To further speed up access to diagnostic tests, the Department of Health also announced that the choice of scan program would be extended. Beginning next April, patients who do not have an appointment within 13 weeks will be offered an appointment at an alternate hospital or clinic.
European office for PR firm
Schwartz Communications (Waltham, Massachusetts), one of North America's leading public relations agencies focused on the high-tech medical device, pharmaceutical and biotechnology industries, said it plans to open a European headquarters in Stockholm, Sweden, on Nov. 1.
Schwartz veteran Kristina Ebenius, who has most recently been serving in a senior role for a leading Swedish public relations agency, will be the office's managing director.

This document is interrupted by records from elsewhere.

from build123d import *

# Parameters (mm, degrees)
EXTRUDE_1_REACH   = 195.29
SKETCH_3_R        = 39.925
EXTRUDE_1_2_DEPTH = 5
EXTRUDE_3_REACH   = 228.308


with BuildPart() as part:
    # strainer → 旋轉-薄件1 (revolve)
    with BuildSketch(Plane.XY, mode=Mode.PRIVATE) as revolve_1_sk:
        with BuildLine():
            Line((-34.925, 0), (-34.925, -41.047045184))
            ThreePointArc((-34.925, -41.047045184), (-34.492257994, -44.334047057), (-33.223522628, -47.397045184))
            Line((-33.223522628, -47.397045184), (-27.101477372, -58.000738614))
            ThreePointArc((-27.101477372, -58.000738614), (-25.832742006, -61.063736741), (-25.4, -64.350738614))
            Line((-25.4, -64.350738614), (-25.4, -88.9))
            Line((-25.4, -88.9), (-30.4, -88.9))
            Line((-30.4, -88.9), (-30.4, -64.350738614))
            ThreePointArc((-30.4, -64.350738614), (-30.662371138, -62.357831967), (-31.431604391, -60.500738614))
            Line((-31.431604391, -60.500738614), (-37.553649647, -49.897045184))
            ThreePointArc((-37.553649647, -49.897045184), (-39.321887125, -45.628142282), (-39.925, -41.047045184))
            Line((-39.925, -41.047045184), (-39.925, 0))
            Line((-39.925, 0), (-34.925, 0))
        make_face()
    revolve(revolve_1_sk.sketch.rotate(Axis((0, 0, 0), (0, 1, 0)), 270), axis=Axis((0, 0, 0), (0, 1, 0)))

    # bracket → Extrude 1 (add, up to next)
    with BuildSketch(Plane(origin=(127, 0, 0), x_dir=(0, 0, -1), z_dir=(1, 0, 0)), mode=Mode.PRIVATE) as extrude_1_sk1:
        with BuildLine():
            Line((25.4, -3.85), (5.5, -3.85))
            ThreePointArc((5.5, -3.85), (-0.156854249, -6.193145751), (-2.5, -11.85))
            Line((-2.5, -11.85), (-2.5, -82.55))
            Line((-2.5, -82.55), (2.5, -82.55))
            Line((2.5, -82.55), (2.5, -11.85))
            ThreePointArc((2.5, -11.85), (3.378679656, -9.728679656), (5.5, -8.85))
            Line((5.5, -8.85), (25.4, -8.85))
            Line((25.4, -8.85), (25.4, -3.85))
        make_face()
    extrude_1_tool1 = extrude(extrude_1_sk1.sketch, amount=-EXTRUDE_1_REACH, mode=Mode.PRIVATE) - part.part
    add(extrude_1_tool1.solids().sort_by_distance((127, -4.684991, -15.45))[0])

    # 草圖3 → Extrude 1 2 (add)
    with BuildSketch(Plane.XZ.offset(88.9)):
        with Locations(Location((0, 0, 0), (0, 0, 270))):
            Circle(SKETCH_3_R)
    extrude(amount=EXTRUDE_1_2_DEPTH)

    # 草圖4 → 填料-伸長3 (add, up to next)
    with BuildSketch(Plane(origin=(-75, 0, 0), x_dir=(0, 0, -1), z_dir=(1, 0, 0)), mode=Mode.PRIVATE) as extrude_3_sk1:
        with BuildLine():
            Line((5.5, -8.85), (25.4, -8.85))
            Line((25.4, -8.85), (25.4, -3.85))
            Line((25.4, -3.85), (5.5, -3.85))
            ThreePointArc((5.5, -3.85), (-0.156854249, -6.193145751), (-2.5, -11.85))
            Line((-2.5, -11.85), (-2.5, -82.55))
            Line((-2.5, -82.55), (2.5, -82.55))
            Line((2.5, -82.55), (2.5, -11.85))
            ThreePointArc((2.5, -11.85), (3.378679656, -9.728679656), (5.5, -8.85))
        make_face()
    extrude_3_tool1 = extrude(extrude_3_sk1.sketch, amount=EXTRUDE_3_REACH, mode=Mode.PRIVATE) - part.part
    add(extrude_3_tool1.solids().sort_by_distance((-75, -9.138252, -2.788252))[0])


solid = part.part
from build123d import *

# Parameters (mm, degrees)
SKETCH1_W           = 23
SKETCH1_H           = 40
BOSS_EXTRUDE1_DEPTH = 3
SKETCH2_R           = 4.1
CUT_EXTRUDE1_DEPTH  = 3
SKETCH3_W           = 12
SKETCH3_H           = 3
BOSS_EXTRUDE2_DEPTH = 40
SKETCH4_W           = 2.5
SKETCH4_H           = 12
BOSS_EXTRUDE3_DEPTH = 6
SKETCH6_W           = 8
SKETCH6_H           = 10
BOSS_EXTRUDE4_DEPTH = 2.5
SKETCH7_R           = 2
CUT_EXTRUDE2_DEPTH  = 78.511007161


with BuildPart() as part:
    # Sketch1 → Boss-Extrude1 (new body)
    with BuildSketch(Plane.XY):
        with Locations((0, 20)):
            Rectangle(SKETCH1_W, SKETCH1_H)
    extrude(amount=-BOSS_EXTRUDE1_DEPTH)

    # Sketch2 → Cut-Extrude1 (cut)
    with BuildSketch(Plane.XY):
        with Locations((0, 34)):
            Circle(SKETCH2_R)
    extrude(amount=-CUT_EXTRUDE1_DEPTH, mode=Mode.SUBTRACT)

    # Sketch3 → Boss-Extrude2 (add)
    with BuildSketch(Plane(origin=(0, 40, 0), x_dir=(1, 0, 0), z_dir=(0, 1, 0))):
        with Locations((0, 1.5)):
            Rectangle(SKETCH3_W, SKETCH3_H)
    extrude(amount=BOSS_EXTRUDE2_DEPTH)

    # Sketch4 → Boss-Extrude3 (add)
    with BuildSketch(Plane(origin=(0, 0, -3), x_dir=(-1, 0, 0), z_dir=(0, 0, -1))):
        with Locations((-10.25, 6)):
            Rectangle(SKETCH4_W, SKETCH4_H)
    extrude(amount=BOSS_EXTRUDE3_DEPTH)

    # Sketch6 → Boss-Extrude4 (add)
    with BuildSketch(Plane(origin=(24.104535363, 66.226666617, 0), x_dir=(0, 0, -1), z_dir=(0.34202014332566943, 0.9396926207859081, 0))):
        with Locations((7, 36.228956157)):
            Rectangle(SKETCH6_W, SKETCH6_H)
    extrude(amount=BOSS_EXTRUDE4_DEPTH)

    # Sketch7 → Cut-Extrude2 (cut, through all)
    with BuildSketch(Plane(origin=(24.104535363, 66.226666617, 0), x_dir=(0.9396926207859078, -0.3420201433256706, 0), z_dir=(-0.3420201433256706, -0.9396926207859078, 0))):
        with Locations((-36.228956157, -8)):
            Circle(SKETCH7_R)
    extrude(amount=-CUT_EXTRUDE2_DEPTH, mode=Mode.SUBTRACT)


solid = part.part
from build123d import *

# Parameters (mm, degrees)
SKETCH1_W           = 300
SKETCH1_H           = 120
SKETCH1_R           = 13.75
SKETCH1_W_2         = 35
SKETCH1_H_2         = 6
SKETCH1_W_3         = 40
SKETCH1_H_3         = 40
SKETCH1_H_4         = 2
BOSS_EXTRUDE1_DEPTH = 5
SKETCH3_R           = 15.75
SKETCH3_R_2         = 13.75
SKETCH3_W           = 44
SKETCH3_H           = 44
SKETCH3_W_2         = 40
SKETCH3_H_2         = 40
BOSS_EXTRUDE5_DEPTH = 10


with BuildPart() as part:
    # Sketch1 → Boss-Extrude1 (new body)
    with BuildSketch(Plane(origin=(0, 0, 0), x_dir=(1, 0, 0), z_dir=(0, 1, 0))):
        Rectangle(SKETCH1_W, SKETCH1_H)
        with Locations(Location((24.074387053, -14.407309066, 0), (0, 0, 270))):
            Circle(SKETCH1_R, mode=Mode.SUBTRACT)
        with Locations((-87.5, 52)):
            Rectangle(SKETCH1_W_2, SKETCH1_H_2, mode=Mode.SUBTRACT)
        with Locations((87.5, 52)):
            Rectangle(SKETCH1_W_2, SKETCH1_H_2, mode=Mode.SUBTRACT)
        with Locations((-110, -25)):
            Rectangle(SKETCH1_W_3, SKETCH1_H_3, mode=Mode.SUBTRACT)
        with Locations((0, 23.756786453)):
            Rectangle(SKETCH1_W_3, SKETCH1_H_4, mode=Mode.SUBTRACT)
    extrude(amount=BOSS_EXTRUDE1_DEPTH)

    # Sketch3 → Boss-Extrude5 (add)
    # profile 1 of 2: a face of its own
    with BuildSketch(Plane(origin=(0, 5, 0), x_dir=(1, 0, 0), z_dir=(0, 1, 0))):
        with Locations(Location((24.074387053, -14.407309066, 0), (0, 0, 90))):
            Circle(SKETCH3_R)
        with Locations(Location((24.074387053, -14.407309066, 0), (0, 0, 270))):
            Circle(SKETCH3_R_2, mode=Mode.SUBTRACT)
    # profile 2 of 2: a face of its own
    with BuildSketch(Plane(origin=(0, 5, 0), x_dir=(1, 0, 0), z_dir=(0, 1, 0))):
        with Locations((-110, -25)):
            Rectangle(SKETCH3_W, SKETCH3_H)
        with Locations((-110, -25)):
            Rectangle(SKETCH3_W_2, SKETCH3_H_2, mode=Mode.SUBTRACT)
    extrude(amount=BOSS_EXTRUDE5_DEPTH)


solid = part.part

“Schwartz Communications has enjoyed outstanding growth and recognition in North America as the result of its innovative and high-impact work. The opening of our Stockholm office enables us to extend our brand to Europe,” said Steve Schwartz, company president. “As a center of technical innovation, entrepreneurship and global competitiveness, Stockholm is an excellent location for our European headquarters.”
The Stockholm office will serve companies throughout Europe and North America, providing a full suite of Schwartz's traditional and new media services.
Schwartz Communications was founded in 1990 by the husband and wife team of Steve and Paula Mae Schwartz. In addition to the Waltham office, the company has another U.S. office in San Francisco. Schwartz has more than 200 employees and 170 clients.